Steve Kerr, the coach of the Golden State Warriors, could barely keep it together at a press conference before Tuesday night’s Western Conference Finals game. “When are we going to do something?!” he shouted.
Kerr wasn’t talking about basketball. He was referring to the mass shooting earlier that day at the Robb Elementary School in Uvalde, Texas. At least 19 students and two teachers were killed by an 18-year-old shooter, who was killed by law enforcement officers on the scene.
At his press conference, the coach referenced other recent shootings in Buffalo, N.Y., southern California and elsewhere. He also referenced HR8, also known as the Bipartisan Background Checks Act of 2021. It passed the House in March of 2021.

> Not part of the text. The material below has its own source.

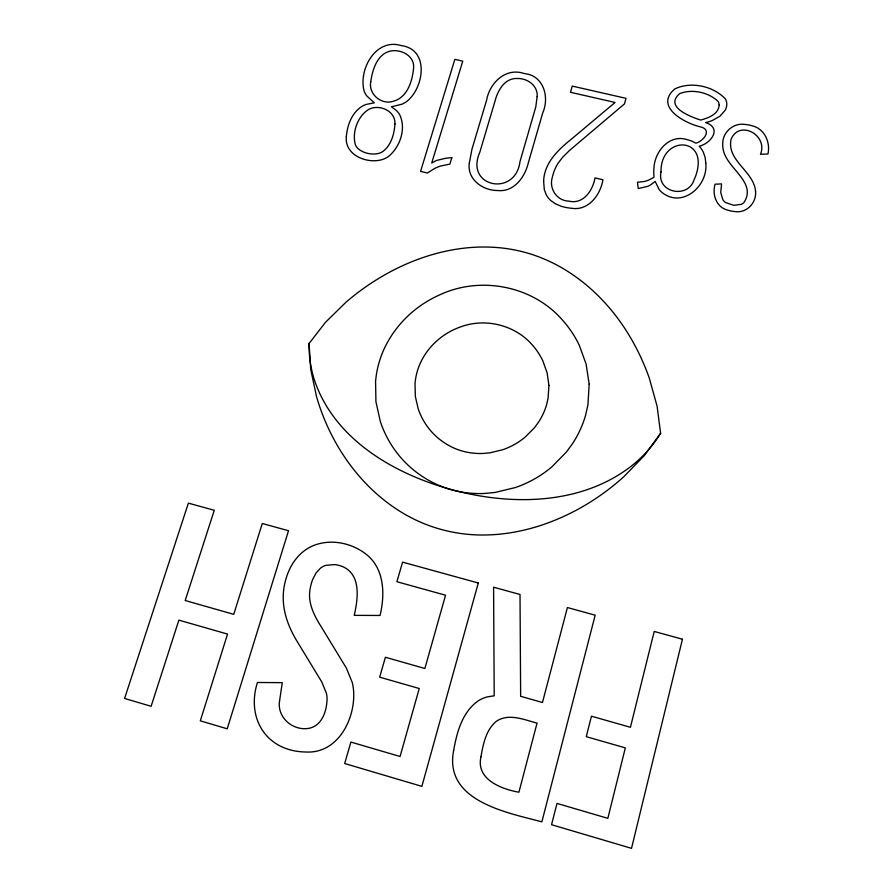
<?xml version="1.0" encoding="UTF-8"?>
<svg xmlns="http://www.w3.org/2000/svg" width="893" height="893" viewBox="0 0 893 893"><rect width="100%" height="100%" fill="white"/><g stroke="black" fill="none" stroke-linecap="round" stroke-linejoin="round"><path stroke-width="1.34" d="M660.619 433.25L644.489 455.397L623.794 476.728A235.886 225.46 -14.4 0 1 585.596 504.958C552.421 524.637 514 536.57 475.188 534.851A154.768 150.002 -13.9 0 1 425.258 524.135C385.184 508.217 353.282 475.936 333.312 438.184A233.274 224.121 -5.6 0 1 316.535 396.615L310.697 369.255L309.112 343.448L325.42 322.384L345.948 302.247A242.215 238.822 -14.7 0 1 383.153 275.781C424.264 251.915 474.038 240.005 520.954 251.335C567.513 262.564 605.99 296.119 629.989 336.773A241.858 235.852 -30.3 0 1 649.323 378.219L657.103 406.248L660.619 433.25A127.61 123.435 -3.5 0 1 635.615 462.596C585.451 504.824 513.453 506.331 452.818 489.967C394.773 474.406 334.004 439.546 314.18 379.335A121.247 116.313 -19.3 0 1 309.112 343.448M279.576 700.838C276.629 718.162 294.422 732.26 310.697 727.918C322.753 724.212 326.86 710.069 327.072 698.728A28.163 26.89 -68.6 0 0 326.38 693.158L321.759 681.928L296.777 640.828C289.265 628.393 283.717 614.373 283.26 599.705A64.809 62.789 -58.7 0 1 284.119 586.813C286.352 573.942 292.011 561.25 302.035 552.6A42.261 40.832 -56.4 0 1 313.488 545.545C332.52 537.966 355.626 543.703 370.137 557.757C384.76 572.971 384.649 596.178 380.061 615.467L354.242 615.355C357.87 599.27 361.475 575.282 343.113 566.798A33.019 31.902 -58.3 0 0 334.574 564.577L325.867 565.325A17.28 16.699 -56.1 0 0 320.42 568.216L315.955 573.072L312.517 579.881A48.389 46.961 -59.1 0 0 310.117 588.933C307.527 602.429 313.968 615.322 320.989 626.384L346.406 668.154L352.266 682.542A49.16 47.005 -68.6 0 1 353.639 691.573C355.291 719.468 337.521 754.016 305.707 751.995C266.784 751.426 245.999 718.765 257.43 682.486L282.288 682.654L279.576 700.838M346.35 136.495C344.307 154.835 366.275 163.865 381.445 159.802A21.008 19.389 -17.3 0 0 388.667 156.375C400.053 146.887 406.371 128.849 399.796 114.94A22.749 20.952 -16.8 0 0 396.235 110.352L391.402 106.814L402.084 104.157A22.358 20.461 -15.3 0 0 407.677 100.719C424.075 86.755 429.388 49.495 401.47 45.632C375.986 37.707 358.606 68.906 363.987 90.561A22.571 20.639 -15.7 0 0 366.789 95.931L374.323 102.829L366.163 104.436A22.649 20.84 -17.1 0 0 360.672 107.26C351.429 113.88 347.321 125.567 346.35 136.495M589.168 384.191L587.951 404.775L585.629 415.078A105.809 102.639 -14.2 0 1 572.413 443.799L566.229 452.226L551.617 467.084A110.899 107.495 -14.7 0 1 515.406 487.545L494.99 492.467L484.464 493.461A104.157 101.088 -14.8 0 1 452.561 490.078C432.19 484.62 413.727 472.81 400.075 456.758A111.926 108.544 -13.7 0 1 380.329 421.463L375.931 401.738L375.573 381.411A102.137 99.034 -15.3 0 1 383.108 351.206C389.928 335.478 400.656 321.614 413.872 310.731A112.261 109.002 -14.2 0 1 439.903 294.768C480.735 275.703 532.898 285.849 562.534 320.14A112.272 108.946 -15.4 0 1 579.256 345.234L586.143 364.154L589.168 384.191M705.771 162.995C708.383 185.599 682.732 208.672 662.293 192.676A19.668 18.284 2.8 0 1 659.179 189.595L655.161 181.424L650.651 184.862A28.643 26.611 -0.1 0 1 647.771 186.347L638.227 188.557L637.479 182.272L644.121 181.513A31.344 29.078 -0.2 0 0 648.463 180.185L653.966 177.327L653.743 171.802A68.56 63.459 5.5 0 1 653.977 167.75C654.792 151.218 669.583 133.716 687.409 139.721A35.329 32.795 2.8 0 1 691.885 141.161L695.915 143.17C703.316 141.295 712.614 129.786 700.648 126.918C685.612 123.58 653.743 107.071 674.661 89.032C690.635 81.029 713.518 85.985 725.429 99A12.011 10.995 3.2 0 1 726.779 103.744L726.712 105.452A15.84 14.5 3 0 1 725.239 110.185L719.858 116.291L712.257 120.533A39.18 35.798 1.8 0 1 707.312 122.174L705.682 122.575C722.426 128.179 710.917 143.572 699.208 146.184L700.48 147.669A25.93 24.022 2.6 0 1 703.438 152.435L705.157 157.57L705.771 162.995M755.59 191.727C756.516 203.224 746.079 213.684 734.448 211.507A30.373 28.118 6.6 0 1 727.538 210.089C716.309 207.355 711.955 194.417 715.103 184.192L721.589 183.902L720.718 192.397L722.861 199.742A10.928 10.136 6.7 0 0 725.663 202.599L733.845 205.345L741.268 204.318A10.091 9.365 7 0 0 744.07 202.343C757.231 181.938 726.255 168.342 723.129 149.187A25.93 23.832 6 0 1 722.738 143.271C722.828 131.762 733.778 122.542 745.13 124.451A32.126 29.581 6 0 1 752.498 125.891C764.62 128.916 770.603 142.456 767.924 154.031L760.468 154.277C768.393 135.223 739.315 119.282 731.088 139.286C726.299 160.74 754.351 171.4 755.59 191.727M548.927 385.43L548.079 398.289L546.594 404.719A66.35 64.363 -14.3 0 1 538.245 422.601L534.36 427.836L525.218 437.057A69.52 67.399 -14.7 0 1 502.659 449.759L489.956 452.818L483.403 453.443A65.066 63.135 -14.7 0 1 457.082 449.346C446.924 445.428 437.816 438.999 430.694 430.772A70.156 68.035 -14 0 1 418.192 408.771L415.345 396.436L415.022 383.677A63.983 62.041 -15 0 1 419.643 364.668C423.885 354.733 430.605 345.971 438.909 339.094A70.257 68.192 -14.3 0 1 461.313 326.637C485.982 317.774 515.373 325.219 532.496 345.156A70.402 68.303 -15.1 0 1 542.888 360.984L547.119 372.883L548.927 385.43M543.625 181.167L544.306 189.606L546.103 194.484A22.515 21.052 -4.6 0 0 550.825 200.568L555.334 203.738L560.938 206.149A46.57 43.377 -4.1 0 0 571.408 208.259C588.532 211.094 600.409 194.908 602.942 179.772L595.006 177.897C592.885 190.376 583.352 204.72 568.819 201.115C556.674 200.847 548.592 188.256 552.432 176.981A48.3 45.13 -2.2 0 1 554.81 169.491A45.487 42.496 -2.4 0 1 558.304 162.928L562.668 157.224L569.533 150.437L624.475 103.889L626.004 98.33L572.257 86.096L570.493 92.292L615.076 102.461L570.616 139.799C557.623 150.191 544.205 163.386 543.625 181.167M469.327 162.984C466.816 179.381 482.946 190.745 497.914 190.533C514.268 192.218 525.162 176.736 528.41 162.504L542.721 112.931C549.675 97.281 543.725 75.358 524.325 73.572C505.963 67.098 489.699 82.714 486.663 100.005L471.962 149.209L469.327 162.984M537.151 96.645L535.767 107.004L519.96 161.722C515.484 197.286 464.36 187.184 479.82 152.256L495.157 100.63C497.847 90.215 504.947 77.836 517.304 78.495C527.45 78.138 538.088 85.706 537.151 96.645M719.155 104.894C718.776 114.271 708.328 117.965 700.67 120.075C691.271 116.961 663.812 107.127 679.685 93.62C692.03 88.664 708.651 92.213 718.084 101.467A8.283 7.59 3 0 1 719.155 104.894M394.94 124.06C394.271 133.983 391.268 145.012 383.086 151.352A14.277 13.183 -17.3 0 1 377.951 153.607C371.231 154.857 363.752 153.283 358.394 148.952A14.21 13.105 -17.7 0 1 355.358 144.755C351.92 132.197 357.535 116.324 368.742 109.381C379.391 103.789 395.733 110.955 394.94 124.06M661.01 171.969C656.5 193.022 688.57 199.228 694.241 179.292A41.804 38.801 1.2 0 0 696.294 174.135C708.383 135.859 660.307 135.334 661.01 171.969M370.729 81.832C368.374 94.368 381.668 105.363 393.59 101.177C407.409 97.281 412.332 81.174 413.548 68.426C415.022 56.337 401.962 49.294 391.402 50.868C377.348 53.279 372.47 69.621 370.729 81.832M480.914 757.007C475.913 779.511 501.475 789.155 518.911 792.225L537.05 723.107C524.236 719.769 508.608 712.871 496.262 721.354C485.87 730.005 483.124 744.338 480.914 757.007M453.622 750.667C443.788 801.356 507.47 812.608 541.872 821.839L595.173 615.188L567.401 607.541L542.464 702.512L520.641 696.306L520.016 594.481L493.583 587.203L494.209 695.814L487.288 696.875A32.773 31.791 87.1 0 0 478.213 700.871C462.239 712.022 456.758 732.483 453.622 750.667M682.442 639.221L631.518 848.35L551.55 824.708L557.009 803.41L607.843 818.334L625.323 747.876L586.255 736.669L591.456 716.197L630.436 727.293L654.212 631.451L682.442 639.221M478.291 582.995L421.876 786.365L344.676 763.526L350.904 742.061L400.064 756.494L419.241 688.514L379.659 677.162L385.396 657.259L424.878 668.5L445.54 595.218L396.894 581.723L402.576 562.144L478.291 582.995M451.836 157.693L449.882 164.145L440.651 166.009A44.996 42.194 -13.2 0 0 434.567 168.498L427.412 173.008L420.57 171.378L454.85 59.351L462.753 61.148L431.732 163.006L436.521 160.472L445.317 158.351A63.057 59.251 -13.4 0 1 449.157 157.871L451.836 157.693M288.517 530.732L227.224 728.8L200.311 720.841L227.548 634.086L178.879 620.133L151.118 706.296L124.596 698.449L188.378 503.15L214.275 510.271L185.197 600.52L233.743 614.339L262.274 523.499L288.517 530.732"/></g></svg>

The bill prohibits private parties from gifting or selling a firearm unless a licensed gun dealer, manufacturer, or importer is involved in the transaction to conduct a background check. It wouldn’t apply to certain exchanges, such as a husband giving a wife a weapon.
“I want every person listening to think about your own child or grandchild, or mother or father, or sister or brother,” Kerr continued. “How would you feel if this happened to you today? We can’t get numb to this.”
Unfortunately, Kerr’s warning is too late. We’ve been numb for a while.
Maybe not as individuals. Kerr certainly isn’t. He yelled and slammed his hand on the table as he spoke. And when he finished, he raised his voice again before storming out of the press conference, not pausing for any questions.
President Biden isn’t numb either. In his brief address to the nation later that night, he seemed profoundly sad as he asked for all of us to advocate for “common sense gun laws.” As we all know, Biden personally knows the unique grief that comes from losing family members tragically. He’s had to live with it since his first wife Neilia and daughter Naomi were killed in a car accident in 1972.
Kerr also knows this particular grief well. His father, Malcolm H. Kerr, was assassinated in 1984 by extremists while president of the American University of Beirut. The display of anger and pain, punctuated by his quivering lip and watery red eyelids, was real.
No, Kerr and Biden aren’t numb. But what about the rest of us?
This year alone, we’ve had 213 mass shootings – leading to 429 children being killed or injured. These shootings also brought death or injuries to 1,813 teens, 148 law enforcement officers and 344 suspects.
In 2020, there were 611 mass shootings which caused 999 children and 4,142 teens to be killed or injured. These statistics come from the Gun Violence Archive, a nonprofit independent data collection and research group that analyzes and aggregates information from over 7,500 law enforcement, media, government and commercial sources every day.
Go back even further than 2020. The numbers are no less troubling.
Yes, we are numb. We have been duped into believing that death is the cost of doing business in a free America. Some lives will have to be lost so the rest of us can live free to buy and carry guns.
We are numb.
I propose the Mamie Till solution. Mrs. Till was the mother of 14-year-old Emmett Till, the black child from Chicago who was lynched down in Mississippi in 1955. The white men that killed him thought he had flirted with a white woman and therefore deserved to die.
Mrs. Till was not numb.
She turned her brutal grief into justice by insisting that the casket be open at Emmett’s funeral. She didn’t want his faced restored in any way.
Mrs. Till wanted the world to see what had been done to her baby.
Maybe that’s what we need to shake off our numbness about these mass shootings. Maybe we need to see the bullet-ridden bodies of babies. The fractured skulls of teens. The disfigured faces of loved ones.
Maybe that will shake the Senate out of its stupor. Prick the conscience of the shameless gun lobby that profits on American bloodshed.
My idea isn’t kind. It’s macabre. Disturbing. Maybe even offensive or blasphemous.
But if some mother does it, maybe – just maybe – we won’t be numb anymore.